I need to merge two tables by zip codes such that date ranges from table, ID_dates should contain the ranges in table, zipcodes.
Description of data:
Table ID_dates gives pre and post that covers the entire range of dates for ID_dates.
Combination of ID and pre gives a unique combination for the group within which the ranges in zip codes must lie.
Ranges in ID_dates are continuous with no gaps.
Zipcode is string but I am unable to have R read as a character in my example below (I am new to R so please forgive my mistakes in the code below,if any)
The ranges in zipcodes do not cover the range of pre and post. The ranges in zipcodes may lie outside of the pre and post dates in ID_dates and hence the start and end dates of zipcodes where this happens have to be truncated. For each group (combination of zip code and ID), the endpoints are pre and post.

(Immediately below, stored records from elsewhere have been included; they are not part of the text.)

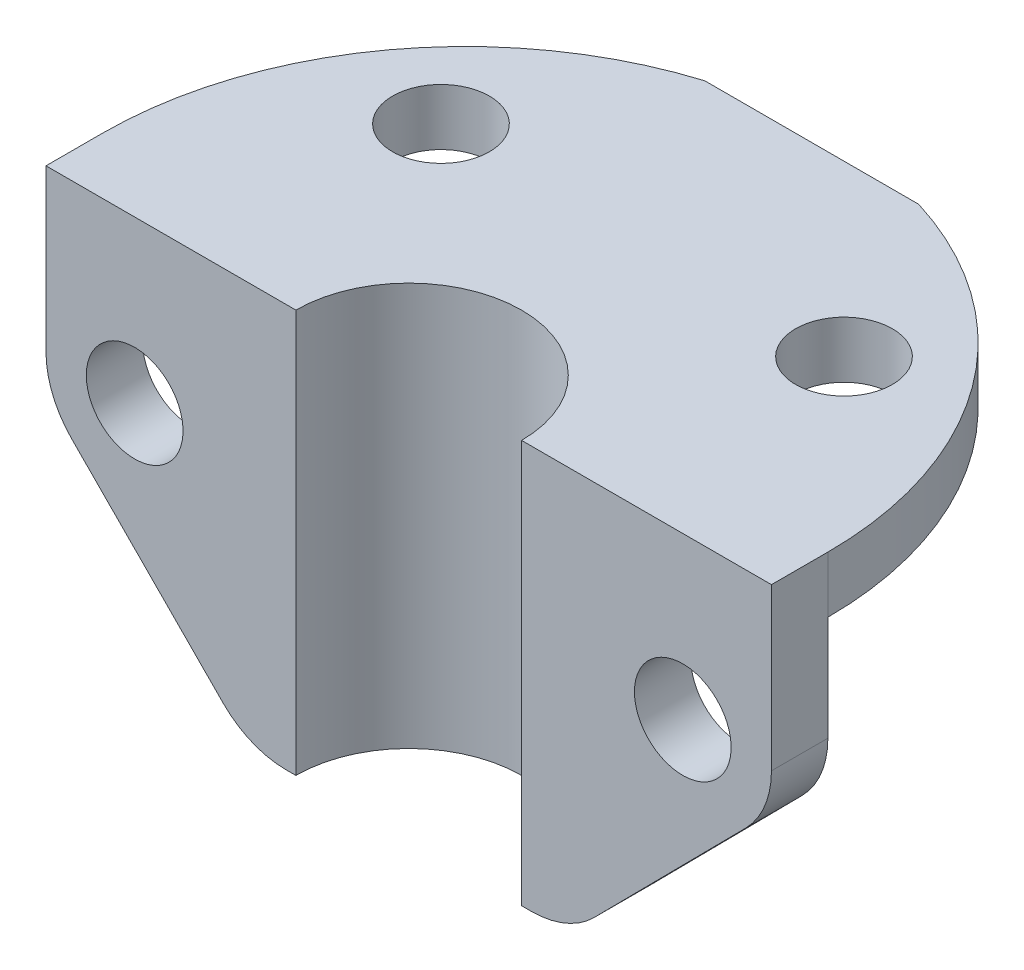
from build123d import *

# Parameters (mm, degrees)
RESSALTO_EXTRUS_O9_DEPTH  = 50
ESBO_O5_R                 = 6
CORTE_EXTRUS_O1_DEPTH     = 43
CORTE_EXTRUS_O2_DEPTH     = 43
FILETE1_R                 = 11
CORTE_EXTRUS_O3_DEPTH     = 43
FILETE2_R                 = 11
RESSALTO_EXTRUS_O12_START = -7
RESSALTO_EXTRUS_O12_DEPTH = 7
ESBO_O12_W                = 90
ESBO_O12_H                = 5
CORTE_EXTRUS_O7_DEPTH     = 7
ESBO_O13_R                = 6
CORTE_EXTRUS_O8_DEPTH     = 7


with BuildPart() as part:
    # Esbo_o4 → Ressalto-extrus_o9 (new body)
    with BuildSketch(Plane(origin=(0, 0, 0), x_dir=(1, 0, 0), z_dir=(0, 1, 0))):
        with BuildLine():
            Line((32.875644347, 0), (25.201010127, 0))
            ThreePointArc((25.201010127, 0), (24.302430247, -3.448858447), (24, -7))
            Line((24, -7), (31, -7))
            ThreePointArc((31, -7), (31.477038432, -3.376533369), (32.875644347, 0))
        make_face()
        with BuildLine():
            ThreePointArc((66, -7), (65.697569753, -3.448858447), (64.798989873, 0))
            Line((64.798989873, 0), (57.124355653, 0))
            ThreePointArc((57.124355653, 0), (58.522961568, -3.376533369), (59, -7))
            Line((59, -7), (66, -7))
        make_face()
        with BuildLine():
            Line((32.875644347, 0), (25.201010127, 0))
            ThreePointArc((25.201010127, 0), (24.302430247, -3.448858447), (24, -7))
            Line((24, -7), (31, -7))
            ThreePointArc((31, -7), (31.477038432, -3.376533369), (32.875644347, 0))
        make_face()
        with BuildLine():
            ThreePointArc((66, -7), (65.697569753, -3.448858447), (64.798989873, 0))
            Line((64.798989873, 0), (57.124355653, 0))
            ThreePointArc((57.124355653, 0), (58.522961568, -3.376533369), (59, -7))
            Line((59, -7), (66, -7))
        make_face()
        with BuildLine():
            ThreePointArc((64.798989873, 0), (45, 14), (25.201010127, 0))
            Line((25.201010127, 0), (32.875644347, 0))
            ThreePointArc((32.875644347, 0), (45, 7), (57.124355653, 0))
            Line((57.124355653, 0), (64.798989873, 0))
        make_face()
        with BuildLine():
            Line((90, 0), (64.798989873, 0))
            ThreePointArc((64.798989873, 0), (65.697569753, -3.448858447), (66, -7))
            Line((66, -7), (90, -7))
            Line((90, -7), (90, 0))
        make_face()
        with BuildLine():
            Line((25.201010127, 0), (0, 0))
            Line((0, 0), (0, -7))
            Line((0, -7), (24, -7))
            ThreePointArc((24, -7), (24.302430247, -3.448858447), (25.201010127, 0))
        make_face()
    extrude(amount=RESSALTO_EXTRUS_O9_DEPTH)

    # Esbo_o5 → Corte-extrus_o1 (cut)
    with BuildSketch(Plane(origin=(0, 0, 0), x_dir=(-1, 0, 0), z_dir=(0, 0, -1))):
        with Locations((-11, 30)):
            Circle(ESBO_O5_R)
        with Locations((-79, 30)):
            Circle(ESBO_O5_R)
    extrude(amount=-CORTE_EXTRUS_O1_DEPTH, mode=Mode.SUBTRACT)

    # Esbo_o6 → Corte-extrus_o2 (cut)
    with BuildSketch(Plane(origin=(0, 0, 0), x_dir=(-1, 0, 0), z_dir=(0, 0, -1))):
        with BuildLine():
            Line((-90, 0), (-64.798989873, 0))
            Line((-64.798989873, 0), (-86.820713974, 22.264598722))
            ThreePointArc((-86.820713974, 22.264598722), (-89.174179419, 25.818364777), (-90, 30))
            Line((-90, 30), (-90, 0))
        make_face()
    extrude(amount=-CORTE_EXTRUS_O2_DEPTH, mode=Mode.SUBTRACT)

    # Filete1
    filete1_edges = [part.edges().sort_by_distance(p)[0] for p in [
        (64.798989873, 0, 3.5),
    ]]
    fillet(filete1_edges, radius=FILETE1_R)

    # Esbo_o6_3 → Corte-extrus_o3 (cut)
    with BuildSketch(Plane(origin=(0, 0, 0), x_dir=(-1, 0, 0), z_dir=(0, 0, -1))):
        with BuildLine():
            Line((-3.179286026, 22.264598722), (-25.201010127, 0))
            Line((-25.201010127, 0), (0, 0))
            Line((0, 0), (0, 30))
            ThreePointArc((0, 30), (-0.825820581, 25.818364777), (-3.179286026, 22.264598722))
        make_face()
    extrude(amount=-CORTE_EXTRUS_O3_DEPTH, mode=Mode.SUBTRACT)

    # Filete2
    filete2_edges = [part.edges().sort_by_distance(p)[0] for p in [
        (25.201010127, 0, 3.5),
    ]]
    fillet(filete2_edges, radius=FILETE2_R)

    # Esbo_o7 → Ressalto-extrus_o12 (add)
    with BuildSketch(Plane(origin=(0, 50, 0), x_dir=(1, 0, 0), z_dir=(0, 1, 0)).offset(RESSALTO_EXTRUS_O12_START)):
        with BuildLine():
            ThreePointArc((90, 0), (45, 45), (0, 0))
            Line((0, 0), (32.875644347, 0))
            ThreePointArc((32.875644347, 0), (45, 7), (57.124355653, 0))
            Line((57.124355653, 0), (90, 0))
        make_face()
    extrude(amount=RESSALTO_EXTRUS_O12_DEPTH)

    # Esbo_o12 → Corte-extrus_o7 (cut)
    with BuildSketch(Plane(origin=(0, 50, 0), x_dir=(1, 0, 0), z_dir=(0, 1, 0))):
        with Locations((45, 45.5)):
            Rectangle(ESBO_O12_W, ESBO_O12_H)
    extrude(amount=-CORTE_EXTRUS_O7_DEPTH, mode=Mode.SUBTRACT)

    # Esbo_o13 → Corte-extrus_o8 (cut)
    with BuildSketch(Plane.XZ.offset(-43)):
        with Locations(Location((20, -22, 0), (0, 0, 270))):
            Circle(ESBO_O13_R)
        with Locations(Location((70, -22, 0), (0, 0, 270))):
            Circle(ESBO_O13_R)
    extrude(amount=-CORTE_EXTRUS_O8_DEPTH, mode=Mode.SUBTRACT)


solid = part.part

zipcodes <- read.table(text="
zipcode start end var1
08210 03/15/1992 03/29/1992 1
08210 06/29/1993 06/30/1993 2
07039 03/28/1992 03/31/1992 5
07046 06/6/1994 06/6/1994 1
", colClasses='character',header=T, stringsAsFactors=F)
zipcodes$start <- as.Date(zipcodes$start,format = "%m/%d/%y")
zipcodes$end <- as.Date(zipcodes$end,format = "%m/%d/%y")
ID_dates <- read.table(text="
ID zipcode t1 t2 pre post var2
A 08210 03/17/1992 03/28/1992 03/17/1992 06/01/1993 1
A 08210 03/29/1992 04/05/1992 03/17/1992 06/01/1993 2
A 07039 04/06/1992 06/01/1993 03/17/1992 06/01/1993 3
A 07046 07/07/1995 08/07/1995 07/07/1995 08/07/1995 5
B 90002 01/01/1996 02/01/1996 01/01/1996 02/01/1996 8
", colClasses='character',header=T, stringsAsFactors=F)
ID_dates$t1 <- as.Date(ID_dates$t1,format = "%m/%d/%y")
ID_dates$t2 <- as.Date(ID_dates$t2,format = "%m/%d/%y")
ID_dates$pre <- as.Date(ID_dates$pre,format = "%m/%d/%y")
ID_dates$post <- as.Date(ID_dates$post,format = "%m/%d/%y")
finaltable <- read.table(text="
id zipcode t1 t2 var1 var2
A 08210 03/17/1992 03/28/1992 1 1
A 08210 03/29/1992 04/05/1992 NA 2
A 07039 04/06/1992 06/01/1993 NA 3
A 07046 07/07/1995 08/07/1995 NA 5
B 90002 01/01/1996 02/01/1996 NA 8
", header=T, stringsAsFactors=F)
I am unable to write a code to achieve the above result.